(Source records)
Segment Open
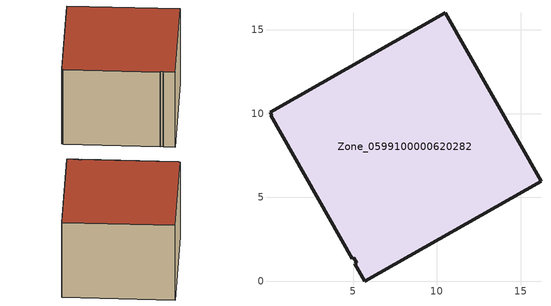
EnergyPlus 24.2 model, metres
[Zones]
Zone_0599100000620282
 floor ground (C_G): 5.2,1.12 5.04,1.4 4.94,1.34 0.08,9.9 0.15,9.89 0.05,10.07 10.49,16.01 16.2,5.97 5.7,0 5.1,1.06 z0
 wall outside (C_F): 0.05,10.07 0.15,9.89 0.08,9.9 4.94,1.34 5.04,1.4 5.2,1.12 5.1,1.06 5.7,0 16.2,5.97 10.49,16.01 0.05,10.07 z0:8.96
 roof outside (C_R): 16.2,5.97 10.49,16.01 0.05,10.07 0.15,9.89 0.08,9.9 4.94,1.34 5.04,1.4 5.2,1.12 5.1,1.06 5.7,0 z8.96
[BUILDING]
Pand.0599100000620282: North Axis=0; Terrain=City; Loads Convergence Tolerance Value=0.04; Temperature Convergence Tolerance Value=0.4; Solar Distribution=FullExterior; Maximum Number of Warmup Days=25; Minimum Number of Warmup Days=1
[Site:Location]
Rotterdam.The.Hague.AP_ZH_NLD Design_Conditions: Latitude=51.96; Longitude=4.45; Time Zone=1; Elevation=-4.5
[SITE:GROUNDTEMPERATURE:BUILDINGSURFACE]
18, 18, 18, 18, 18, 18, 18, 18, 18, 18, 18, 18
[MATERIAL] Thermal Absorptance=0.9; Solar Absorptance=0.7; Visible Absorptance=0.7
Name | Roughness | Thickness | Conductivity | Density | Specific Heat
G.D.1965 | MediumSmooth | 0.15 | 1 | 540 | 1210
F.D.1965 | Rough | 0.3 | 0.857143 | 1920 | 840
R.D.1965 | MediumRough | 0.2 | 0.08 | 1500 | 1000
[CONSTRUCTION]
C_G: G.D.1965
C_F: F.D.1965
C_R: R.D.1965
[ZONE]
Zone_0599100000620282: Type=1; Multiplier=1; Ceiling Height=Autocalculate; Volume=Autocalculate; Floor Area=autocalculate; Part of Total Floor Area=Yes
[ZONEINFILTRATION:DESIGNFLOWRATE]
Infil_Zone_0599100000620282: Zone or ZoneList or Space or SpaceList=Zone_0599100000620282; Schedule=AlwaysOn; Design Flow Rate Calculation Method=Flow/Area; Flow Rate per Floor Area=0.0042; Constant Term Coefficient=1; Temperature Term Coefficient=0; Velocity Term Coefficient=0; Velocity Squared Term Coefficient=0
[HVACTEMPLATE:ZONE:IDEALLOADSAIRSYSTEM]
Zone_0599100000620282: Maximum Heating Supply Air Temperature=50; Minimum Cooling Supply Air Temperature=13; Maximum Heating Supply Air Humidity Ratio=0.0156; Minimum Cooling Supply Air Humidity Ratio=0.0077; Heating Limit=NoLimit; Cooling Limit=NoLimit; Dehumidification Control Type=ConstantSensibleHeatRatio; Cooling Sensible Heat Ratio=0.7; Dehumidification Setpoint=60; Humidification Control Type=None; Humidification Setpoint=30; Outdoor Air Method=None; Outdoor Air Flow Rate per Person=0.00944; Outdoor Air Flow Rate per Zone Floor Area=0; Outdoor Air Flow Rate per Zone=0; Demand Controlled Ventilation Type=None; Outdoor Air Economizer Type=NoEconomizer; Heat Recovery Type=None; Sensible Heat Recovery Effectiveness=0.7; Latent Heat Recovery Effectiveness=0.65
[ZONECONTROL:THERMOSTAT]
ThermostatControl_Zone_0599100000620282: Zone or ZoneList=Zone_0599100000620282; Control Type Schedule=DualSetpointControlType; Control 1=Thermostat_Zone_0599100000620282; Temperature Difference Between Cutout And Setpoint=0
[THERMOSTATSETPOINT:DUALSETPOINT]
Thermostat_Zone_0599100000620282: Heating Setpoint Temperature Schedule=HeatingSetpoint_Zone_0599100000620282; Cooling Setpoint Temperature Schedule=CoolingSetpoint_Zone_0599100000620282
[SCHEDULE:COMPACT]
HeatingSetpoint_Zone_0599100000620282: Through: 12/31, For: AllDays, Until: 24:00, 21
CoolingSetpoint_Zone_0599100000620282: Through: 12/31, For: AllDays, Until: 24:00, 24
DualSetpointControlType: Through: 12/31, For: AllDays, Until: 24:00, 4
AlwaysOn: Through: 12/31, For: AllDays, Until: 24:00, 1
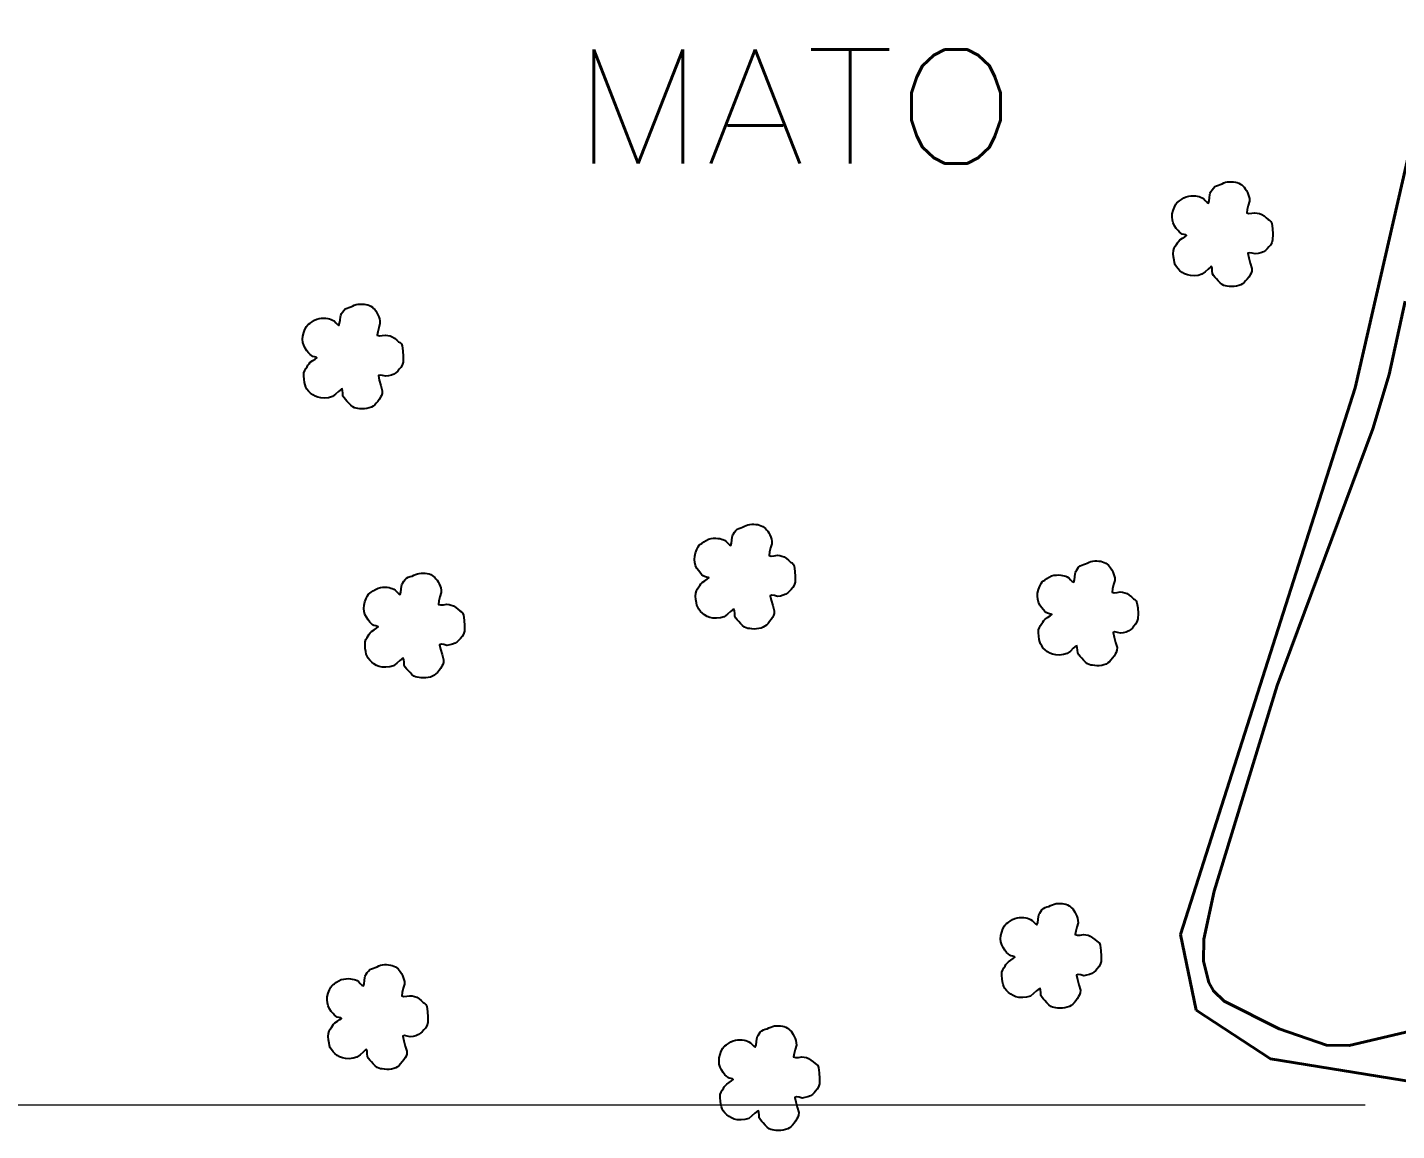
# Model space of a CAD drawing. Header units: millimetres. Extents: x 728997 to 731098, y 7795889 to 7798859.
# Drawn here: x 729520 to 729663.3, y 7796597.3 to 7796712.7 of the extents above; entities that cross this region are included whole.
import ezdxf
from ezdxf.enums import TextEntityAlignment as Align

# ---------------------------------------------------------------- set-up
doc = ezdxf.new("R2010")
doc.units = ezdxf.units.MM
doc.linetypes.add('CONTINUO', pattern=[0])
doc.linetypes.add('LIN0', pattern=[0])
for name, color, linetype, lineweight in [('0114000536', 1, 'Continuous', 40), ('0114000536003', 5, 'Continuous', 40), ('MALHA', 253, 'Continuous', 13)]:
    doc.layers.add(name, color=color, linetype=linetype, lineweight=lineweight)
for name, color, linetype in [('MATO', 3, 'Continuous'), ('TEXTO', 7, 'Continuous'), ('TG', 7, 'CONTINUO')]:
    doc.layers.add(name, color=color, linetype=linetype)
doc.styles.add('ROMANS', font='romans', dxfattribs={"height": 0.2})

# ---------------------------------------------------------------- blocks, each defined once
blk = doc.blocks.new('BLOCO142018')
at = {"layer": 'TG', "color": 94, "linetype": 'LIN0', "flags": 128}
blk.add_lwpolyline([(729699.451657, 7796717.526665), (729699.145473, 7796717.278434), (729698.833752, 7796716.995624), (729698.505024, 7796716.73196), (729698.102809, 7796716.621863), (729697.694413, 7796716.577833), (729697.302129, 7796716.593067), (729696.982741, 7796716.661978), (729696.698181, 7796716.77564), (729696.444871, 7796716.926341), (729696.209133, 7796717.104787), (729696.005068, 7796717.306034), (729695.836677, 7796717.523555), (729695.721883, 7796717.730347), (729695.640317, 7796717.95572), (729695.585535, 7796718.208505), (729695.531976, 7796718.543828), (729695.50665, 7796718.889507), (729695.517451, 7796719.219652), (729695.601485, 7796719.463657), (729695.715519, 7796719.673891), (729695.845536, 7796719.858003), (729695.942572, 7796720.025748), (729696.053762, 7796720.181094), (729696.191293, 7796720.330114), (729696.456698, 7796720.503123), (729696.705816, 7796720.663767), (729696.883831, 7796720.799937), (729696.806547, 7796720.856332), (729696.645557, 7796720.896423), (729696.443076, 7796720.940488), (729696.301745, 7796721.024575), (729696.158035, 7796721.141371), (729696.008844, 7796721.299329), (729695.822406, 7796721.532634), (729695.645775, 7796721.804711), (729695.497343, 7796722.104714), (729695.417959, 7796722.412982), (729695.386713, 7796722.734102), (729695.405152, 7796723.063843), (729695.498732, 7796723.425924), (729695.62716, 7796723.767205), (729695.77405, 7796724.062495), (729695.886345, 7796724.217736), (729696.011837, 7796724.328254), (729696.161643, 7796724.420507), (729696.37571, 7796724.576293), (729696.614709, 7796724.725228), (729696.868136, 7796724.852267), (729697.120575, 7796724.914968), (729697.370126, 7796724.946228), (729697.609975, 7796724.951548), (729697.82303, 7796724.941207), (729698.020461, 7796724.912347), (729698.203158, 7796724.866886), (729698.364799, 7796724.814735), (729698.518901, 7796724.743828), (729698.671769, 7796724.650089), (729698.858142, 7796724.446093), (729699.034557, 7796724.27363), (729699.185987, 7796724.191137), (729699.260733, 7796724.426931), (729699.307947, 7796724.742162), (729699.340111, 7796725.06786), (729699.372712, 7796725.210374), (729699.412965, 7796725.318922), (729699.471094, 7796725.418043), (729699.574165, 7796725.585367), (729699.702926, 7796725.752524), (729699.85497, 7796725.904231), (729700.034642, 7796725.989301), (729700.227713, 7796726.055294), (729700.426708, 7796726.113863), (729700.610055, 7796726.203479), (729700.79495, 7796726.288863), (729700.98449, 7796726.361558), (729701.191039, 7796726.399437), (729701.40148, 7796726.417956), (729701.611963, 7796726.418907), (729701.817271, 7796726.407853), (729702.015942, 7796726.379979), (729702.205146, 7796726.334245), (729702.37897, 7796726.266341), (729702.539986, 7796726.180947), (729702.68768, 7796726.079473), (729702.816908, 7796725.970163), (729702.93526, 7796725.842472), (729703.045698, 7796725.692688), (729703.162341, 7796725.504126), (729703.268621, 7796725.295777), (729703.359131, 7796725.073656), (729703.43198, 7796724.874934), (729703.475603, 7796724.65111), (729703.481951, 7796724.384836), (729703.355564, 7796723.947818), (729703.241369, 7796723.516865), (729703.196878, 7796723.157841), (729703.420168, 7796723.094759), (729703.722767, 7796723.116718), (729704.056765, 7796723.170968), (729704.305058, 7796723.143126), (729704.540828, 7796723.088302), (729704.768063, 7796722.999974), (729705.008779, 7796722.839878), (729705.235412, 7796722.657037), (729705.438426, 7796722.468735), (729705.594231, 7796722.38302), (729705.717887, 7796722.258335), (729705.8104, 7796722.043886), (729705.886163, 7796721.512592), (729705.922753, 7796720.922168), (729705.911135, 7796720.354037), (729705.811495, 7796720.031823), (729705.668662, 7796719.788106), (729705.496685, 7796719.597661), (729705.33725, 7796719.400645), (729705.156045, 7796719.232422), (729704.946392, 7796719.093735), (729704.671827, 7796718.985042), (729704.377803, 7796718.907584), (729704.079982, 7796718.862318), (729703.762642, 7796718.947447), (729703.496374, 7796718.993748), (729703.320382, 7796718.929243), (729703.412899, 7796718.460022), (729703.569826, 7796717.902489), (729703.726094, 7796717.351115), (729703.71402, 7796717.069563), (729703.648109, 7796716.856219), (729703.540254, 7796716.678661), (729703.407098, 7796716.450767), (729703.252216, 7796716.234088), (729703.083936, 7796716.036473), (729702.929901, 7796715.877116), (729702.764635, 7796715.74402), (729702.581978, 7796715.636528), (729702.356772, 7796715.553426), (729702.116101, 7796715.495036), (729701.868051, 7796715.461121), (729701.623082, 7796715.456567), (729701.385129, 7796715.47217), (729701.160503, 7796715.50385), (729700.976467, 7796715.525363), (729700.802657, 7796715.571416), (729700.629667, 7796715.654552), (729700.422129, 7796715.828977), (729700.216063, 7796716.034323), (729700.021529, 7796716.251887), (729699.857417, 7796716.421406), (729699.718334, 7796716.596901), (729699.60772, 7796716.790834), (729699.590903, 7796717.086366), (729699.56301, 7796717.372238), (729699.481061, 7796717.607887), (729699.481061, 7796717.607887)], dxfattribs=at)
blk = doc.blocks.new('BLOCO145770')
at = {"layer": 'TG', "color": 94, "linetype": 'LIN0', "flags": 128}
blk.add_lwpolyline([(729608.442057, 7796704.728465), (729608.135873, 7796704.480234), (729607.824152, 7796704.197424), (729607.495424, 7796703.93376), (729607.093209, 7796703.823663), (729606.684813, 7796703.779633), (729606.292529, 7796703.794867), (729605.973141, 7796703.863778), (729605.688581, 7796703.97744), (729605.435271, 7796704.128141), (729605.199533, 7796704.306587), (729604.995468, 7796704.507834), (729604.827077, 7796704.725355), (729604.712283, 7796704.932147), (729604.630717, 7796705.15752), (729604.575935, 7796705.410305), (729604.522376, 7796705.745628), (729604.49705, 7796706.091307), (729604.507851, 7796706.421452), (729604.591885, 7796706.665457), (729604.705919, 7796706.875691), (729604.835936, 7796707.059803), (729604.932972, 7796707.227548), (729605.044162, 7796707.382894), (729605.181693, 7796707.531914), (729605.447098, 7796707.704923), (729605.696216, 7796707.865567), (729605.874231, 7796708.001737), (729605.796947, 7796708.058132), (729605.635957, 7796708.098223), (729605.433476, 7796708.142288), (729605.292145, 7796708.226375), (729605.148435, 7796708.343171), (729604.999244, 7796708.501129), (729604.812806, 7796708.734434), (729604.636175, 7796709.006511), (729604.487743, 7796709.306514), (729604.408359, 7796709.614782), (729604.377113, 7796709.935902), (729604.395552, 7796710.265643), (729604.489132, 7796710.627724), (729604.61756, 7796710.969005), (729604.76445, 7796711.264295), (729604.876745, 7796711.419536), (729605.002237, 7796711.530054), (729605.152043, 7796711.622307), (729605.36611, 7796711.778093), (729605.605109, 7796711.927028), (729605.858536, 7796712.054067), (729606.110975, 7796712.116768), (729606.360526, 7796712.148028), (729606.600375, 7796712.153348), (729606.81343, 7796712.143007), (729607.010861, 7796712.114147), (729607.193558, 7796712.068686), (729607.355199, 7796712.016535), (729607.509301, 7796711.945628), (729607.662169, 7796711.851889), (729607.848542, 7796711.647893), (729608.024957, 7796711.47543), (729608.176387, 7796711.392937), (729608.251133, 7796711.628731), (729608.298347, 7796711.943962), (729608.330511, 7796712.26966), (729608.363112, 7796712.412174), (729608.403365, 7796712.520722), (729608.461494, 7796712.619843), (729608.564565, 7796712.787167), (729608.693326, 7796712.954324), (729608.84537, 7796713.106031), (729609.025042, 7796713.191101), (729609.218113, 7796713.257094), (729609.417108, 7796713.315663), (729609.600455, 7796713.405279), (729609.78535, 7796713.490663), (729609.97489, 7796713.563358), (729610.181439, 7796713.601237), (729610.39188, 7796713.619756), (729610.602363, 7796713.620707), (729610.807671, 7796713.609653), (729611.006342, 7796713.581779), (729611.195546, 7796713.536045), (729611.36937, 7796713.468141), (729611.530386, 7796713.382747), (729611.67808, 7796713.281273), (729611.807308, 7796713.171963), (729611.92566, 7796713.044272), (729612.036098, 7796712.894488), (729612.152741, 7796712.705926), (729612.259021, 7796712.497577), (729612.349531, 7796712.275456), (729612.42238, 7796712.076734), (729612.466003, 7796711.85291), (729612.472351, 7796711.586636), (729612.345964, 7796711.149618), (729612.231769, 7796710.718665), (729612.187278, 7796710.359641), (729612.410568, 7796710.296559), (729612.713167, 7796710.318518), (729613.047165, 7796710.372768), (729613.295458, 7796710.344926), (729613.531228, 7796710.290102), (729613.758463, 7796710.201774), (729613.999179, 7796710.041678), (729614.225812, 7796709.858837), (729614.428826, 7796709.670535), (729614.584631, 7796709.58482), (729614.708287, 7796709.460135), (729614.8008, 7796709.245686), (729614.876563, 7796708.714392), (729614.913153, 7796708.123968), (729614.901535, 7796707.555837), (729614.801895, 7796707.233623), (729614.659062, 7796706.989906), (729614.487085, 7796706.799461), (729614.32765, 7796706.602445), (729614.146445, 7796706.434222), (729613.936792, 7796706.295535), (729613.662227, 7796706.186842), (729613.368203, 7796706.109384), (729613.070382, 7796706.064118), (729612.753042, 7796706.149247), (729612.486774, 7796706.195548), (729612.310782, 7796706.131043), (729612.403299, 7796705.661822), (729612.560226, 7796705.104289), (729612.716494, 7796704.552915), (729612.70442, 7796704.271363), (729612.638509, 7796704.058019), (729612.530654, 7796703.880461), (729612.397498, 7796703.652567), (729612.242616, 7796703.435888), (729612.074336, 7796703.238273), (729611.920301, 7796703.078916), (729611.755035, 7796702.94582), (729611.572378, 7796702.838328), (729611.347172, 7796702.755226), (729611.106501, 7796702.696836), (729610.858451, 7796702.662921), (729610.613482, 7796702.658367), (729610.375529, 7796702.67397), (729610.150903, 7796702.70565), (729609.966867, 7796702.727163), (729609.793057, 7796702.773216), (729609.620067, 7796702.856352), (729609.412529, 7796703.030777), (729609.206463, 7796703.236123), (729609.011929, 7796703.453687), (729608.847817, 7796703.623206), (729608.708734, 7796703.798701), (729608.59812, 7796703.992634), (729608.581303, 7796704.288166), (729608.55341, 7796704.574038), (729608.471461, 7796704.809687), (729608.471461, 7796704.809687)], dxfattribs=at)
blk = doc.blocks.new('BLOCO146708')
at = {"layer": 'TG', "color": 94, "linetype": 'LIN0', "flags": 128}
blk.add_lwpolyline([(729614.851157, 7796676.572465), (729614.544973, 7796676.324234), (729614.233252, 7796676.041424), (729613.904524, 7796675.77776), (729613.502309, 7796675.667663), (729613.093913, 7796675.623633), (729612.701629, 7796675.638867), (729612.382241, 7796675.707778), (729612.097681, 7796675.82144), (729611.844371, 7796675.972141), (729611.608633, 7796676.150587), (729611.404568, 7796676.351834), (729611.236177, 7796676.569355), (729611.121383, 7796676.776147), (729611.039817, 7796677.00152), (729610.985035, 7796677.254305), (729610.931476, 7796677.589628), (729610.90615, 7796677.935307), (729610.916951, 7796678.265452), (729611.000985, 7796678.509457), (729611.115019, 7796678.719691), (729611.245036, 7796678.903803), (729611.342072, 7796679.071548), (729611.453262, 7796679.226894), (729611.590793, 7796679.375914), (729611.856198, 7796679.548923), (729612.105316, 7796679.709567), (729612.283331, 7796679.845737), (729612.206047, 7796679.902132), (729612.045057, 7796679.942223), (729611.842576, 7796679.986288), (729611.701245, 7796680.070375), (729611.557535, 7796680.187171), (729611.408344, 7796680.345129), (729611.221906, 7796680.578434), (729611.045275, 7796680.850511), (729610.896843, 7796681.150514), (729610.817459, 7796681.458782), (729610.786213, 7796681.779902), (729610.804652, 7796682.109643), (729610.898232, 7796682.471724), (729611.02666, 7796682.813005), (729611.17355, 7796683.108295), (729611.285845, 7796683.263536), (729611.411337, 7796683.374054), (729611.561143, 7796683.466307), (729611.77521, 7796683.622093), (729612.014209, 7796683.771028), (729612.267636, 7796683.898067), (729612.520075, 7796683.960768), (729612.769626, 7796683.992028), (729613.009475, 7796683.997348), (729613.22253, 7796683.987007), (729613.419961, 7796683.958147), (729613.602658, 7796683.912686), (729613.764299, 7796683.860535), (729613.918401, 7796683.789628), (729614.071269, 7796683.695889), (729614.257642, 7796683.491893), (729614.434057, 7796683.31943), (729614.585487, 7796683.236937), (729614.660233, 7796683.472731), (729614.707447, 7796683.787962), (729614.739611, 7796684.11366), (729614.772212, 7796684.256174), (729614.812465, 7796684.364722), (729614.870594, 7796684.463843), (729614.973665, 7796684.631167), (729615.102426, 7796684.798324), (729615.25447, 7796684.950031), (729615.434142, 7796685.035101), (729615.627213, 7796685.101094), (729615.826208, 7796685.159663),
Segment Closed
### TASK DETAILS
Return all lines above that mention the word "AllDays".

### WRITTEN ANSWER
HeatingSetpoint_Zone_0599100000620282: Through: 12/31, For: AllDays, Until: 24:00, 21
CoolingSetpoint_Zone_0599100000620282: Through: 12/31, For: AllDays, Until: 24:00, 24
DualSetpointControlType: Through: 12/31, For: AllDays, Until: 24:00, 4
AlwaysOn: Through: 12/31, For: AllDays, Until: 24:00, 1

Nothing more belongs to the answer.